## What the task asks
Write out all of the records exactly once more and skip the images.
START Source records
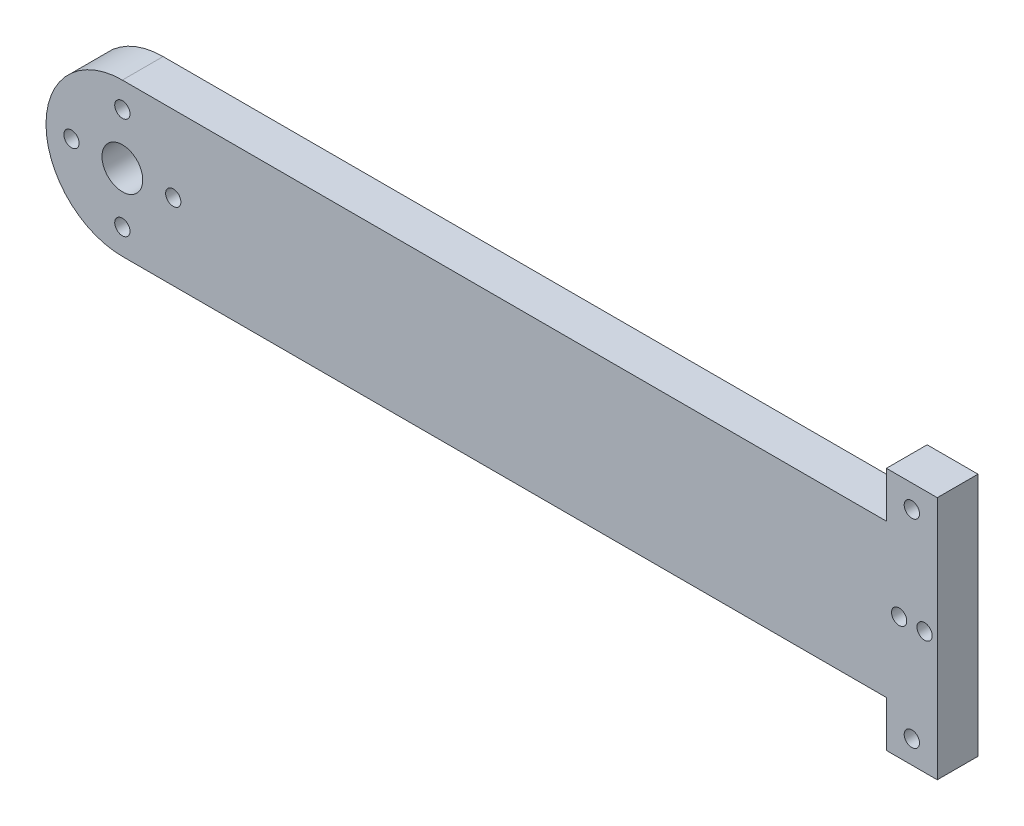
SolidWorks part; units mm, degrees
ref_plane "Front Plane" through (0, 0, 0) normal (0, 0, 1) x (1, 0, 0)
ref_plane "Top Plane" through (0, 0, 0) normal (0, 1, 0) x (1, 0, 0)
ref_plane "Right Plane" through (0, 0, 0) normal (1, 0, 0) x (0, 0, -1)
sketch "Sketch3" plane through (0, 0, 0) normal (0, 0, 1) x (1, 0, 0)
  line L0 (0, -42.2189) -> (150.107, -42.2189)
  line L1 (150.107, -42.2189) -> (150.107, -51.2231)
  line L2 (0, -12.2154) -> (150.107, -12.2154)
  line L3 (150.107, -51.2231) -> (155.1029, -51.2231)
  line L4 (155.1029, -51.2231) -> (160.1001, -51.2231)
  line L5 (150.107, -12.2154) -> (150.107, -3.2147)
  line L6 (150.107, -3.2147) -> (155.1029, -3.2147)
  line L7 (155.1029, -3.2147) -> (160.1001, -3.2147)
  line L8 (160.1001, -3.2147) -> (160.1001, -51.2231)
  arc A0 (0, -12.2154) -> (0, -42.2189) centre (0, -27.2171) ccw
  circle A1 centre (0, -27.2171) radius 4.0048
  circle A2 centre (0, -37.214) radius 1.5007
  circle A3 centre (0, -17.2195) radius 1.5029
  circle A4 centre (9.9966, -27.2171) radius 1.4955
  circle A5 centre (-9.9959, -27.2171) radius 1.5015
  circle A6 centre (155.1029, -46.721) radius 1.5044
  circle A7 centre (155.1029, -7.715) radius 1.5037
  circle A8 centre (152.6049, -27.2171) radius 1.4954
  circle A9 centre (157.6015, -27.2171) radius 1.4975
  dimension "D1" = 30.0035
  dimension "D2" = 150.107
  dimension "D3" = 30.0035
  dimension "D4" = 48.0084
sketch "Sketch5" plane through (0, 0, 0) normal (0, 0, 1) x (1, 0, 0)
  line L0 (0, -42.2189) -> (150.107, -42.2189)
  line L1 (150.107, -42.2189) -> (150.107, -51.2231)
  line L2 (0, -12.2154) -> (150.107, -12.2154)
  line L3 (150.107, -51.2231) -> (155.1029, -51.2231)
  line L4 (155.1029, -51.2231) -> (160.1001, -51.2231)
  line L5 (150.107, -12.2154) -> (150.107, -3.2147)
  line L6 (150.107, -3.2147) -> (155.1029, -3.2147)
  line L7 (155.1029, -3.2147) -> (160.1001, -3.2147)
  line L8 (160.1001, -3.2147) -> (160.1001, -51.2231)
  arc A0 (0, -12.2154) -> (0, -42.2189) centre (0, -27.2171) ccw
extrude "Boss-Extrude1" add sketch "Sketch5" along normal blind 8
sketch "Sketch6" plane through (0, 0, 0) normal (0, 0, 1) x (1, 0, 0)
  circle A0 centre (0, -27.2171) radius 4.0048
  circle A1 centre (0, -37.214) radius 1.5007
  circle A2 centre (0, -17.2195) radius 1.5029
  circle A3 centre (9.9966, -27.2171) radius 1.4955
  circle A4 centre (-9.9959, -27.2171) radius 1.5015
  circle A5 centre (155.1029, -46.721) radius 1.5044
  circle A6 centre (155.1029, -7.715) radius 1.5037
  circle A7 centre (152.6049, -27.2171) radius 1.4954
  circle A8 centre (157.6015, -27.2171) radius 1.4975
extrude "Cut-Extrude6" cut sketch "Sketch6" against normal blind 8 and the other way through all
END Source records
## Exercise solution
SolidWorks part; units mm, degrees
ref_plane "Front Plane" through (0, 0, 0) normal (0, 0, 1) x (1, 0, 0)
ref_plane "Top Plane" through (0, 0, 0) normal (0, 1, 0) x (1, 0, 0)
ref_plane "Right Plane" through (0, 0, 0) normal (1, 0, 0) x (0, 0, -1)
sketch "Sketch3" plane through (0, 0, 0) normal (0, 0, 1) x (1, 0, 0)
  line L0 (0, -42.2189) -> (150.107, -42.2189)
  line L1 (150.107, -42.2189) -> (150.107, -51.2231)
  line L2 (0, -12.2154) -> (150.107, -12.2154)
  line L3 (150.107, -51.2231) -> (155.1029, -51.2231)
  line L4 (155.1029, -51.2231) -> (160.1001, -51.2231)
  line L5 (150.107, -12.2154) -> (150.107, -3.2147)
  line L6 (150.107, -3.2147) -> (155.1029, -3.2147)
  line L7 (155.1029, -3.2147) -> (160.1001, -3.2147)
  line L8 (160.1001, -3.2147) -> (160.1001, -51.2231)
  arc A0 (0, -12.2154) -> (0, -42.2189) centre (0, -27.2171) ccw
  circle A1 centre (0, -27.2171) radius 4.0048
  circle A2 centre (0, -37.214) radius 1.5007
  circle A3 centre (0, -17.2195) radius 1.5029
  circle A4 centre (9.9966, -27.2171) radius 1.4955
  circle A5 centre (-9.9959, -27.2171) radius 1.5015
  circle A6 centre (155.1029, -46.721) radius 1.5044
  circle A7 centre (155.1029, -7.715) radius 1.5037
  circle A8 centre (152.6049, -27.2171) radius 1.4954
  circle A9 centre (157.6015, -27.2171) radius 1.4975
  dimension "D1" = 30.0035
  dimension "D2" = 150.107
  dimension "D3" = 30.0035
  dimension "D4" = 48.0084
sketch "Sketch5" plane through (0, 0, 0) normal (0, 0, 1) x (1, 0, 0)
  line L0 (0, -42.2189) -> (150.107, -42.2189)
  line L1 (150.107, -42.2189) -> (150.107, -51.2231)
  line L2 (0, -12.2154) -> (150.107, -12.2154)
  line L3 (150.107, -51.2231) -> (155.1029, -51.2231)
  line L4 (155.1029, -51.2231) -> (160.1001, -51.2231)
  line L5 (150.107, -12.2154) -> (150.107, -3.2147)
  line L6 (150.107, -3.2147) -> (155.1029, -3.2147)
  line L7 (155.1029, -3.2147) -> (160.1001, -3.2147)
  line L8 (160.1001, -3.2147) -> (160.1001, -51.2231)
  arc A0 (0, -12.2154) -> (0, -42.2189) centre (0, -27.2171) ccw
extrude "Boss-Extrude1" add sketch "Sketch5" along normal blind 8
sketch "Sketch6" plane through (0, 0, 0) normal (0, 0, 1) x (1, 0, 0)
  circle A0 centre (0, -27.2171) radius 4.0048
  circle A1 centre (0, -37.214) radius 1.5007
  circle A2 centre (0, -17.2195) radius 1.5029
  circle A3 centre (9.9966, -27.2171) radius 1.4955
  circle A4 centre (-9.9959, -27.2171) radius 1.5015
  circle A5 centre (155.1029, -46.721) radius 1.5044
  circle A6 centre (155.1029, -7.715) radius 1.5037
  circle A7 centre (152.6049, -27.2171) radius 1.4954
  circle A8 centre (157.6015, -27.2171) radius 1.4975
extrude "Cut-Extrude6" cut sketch "Sketch6" against normal blind 8 and the other way through all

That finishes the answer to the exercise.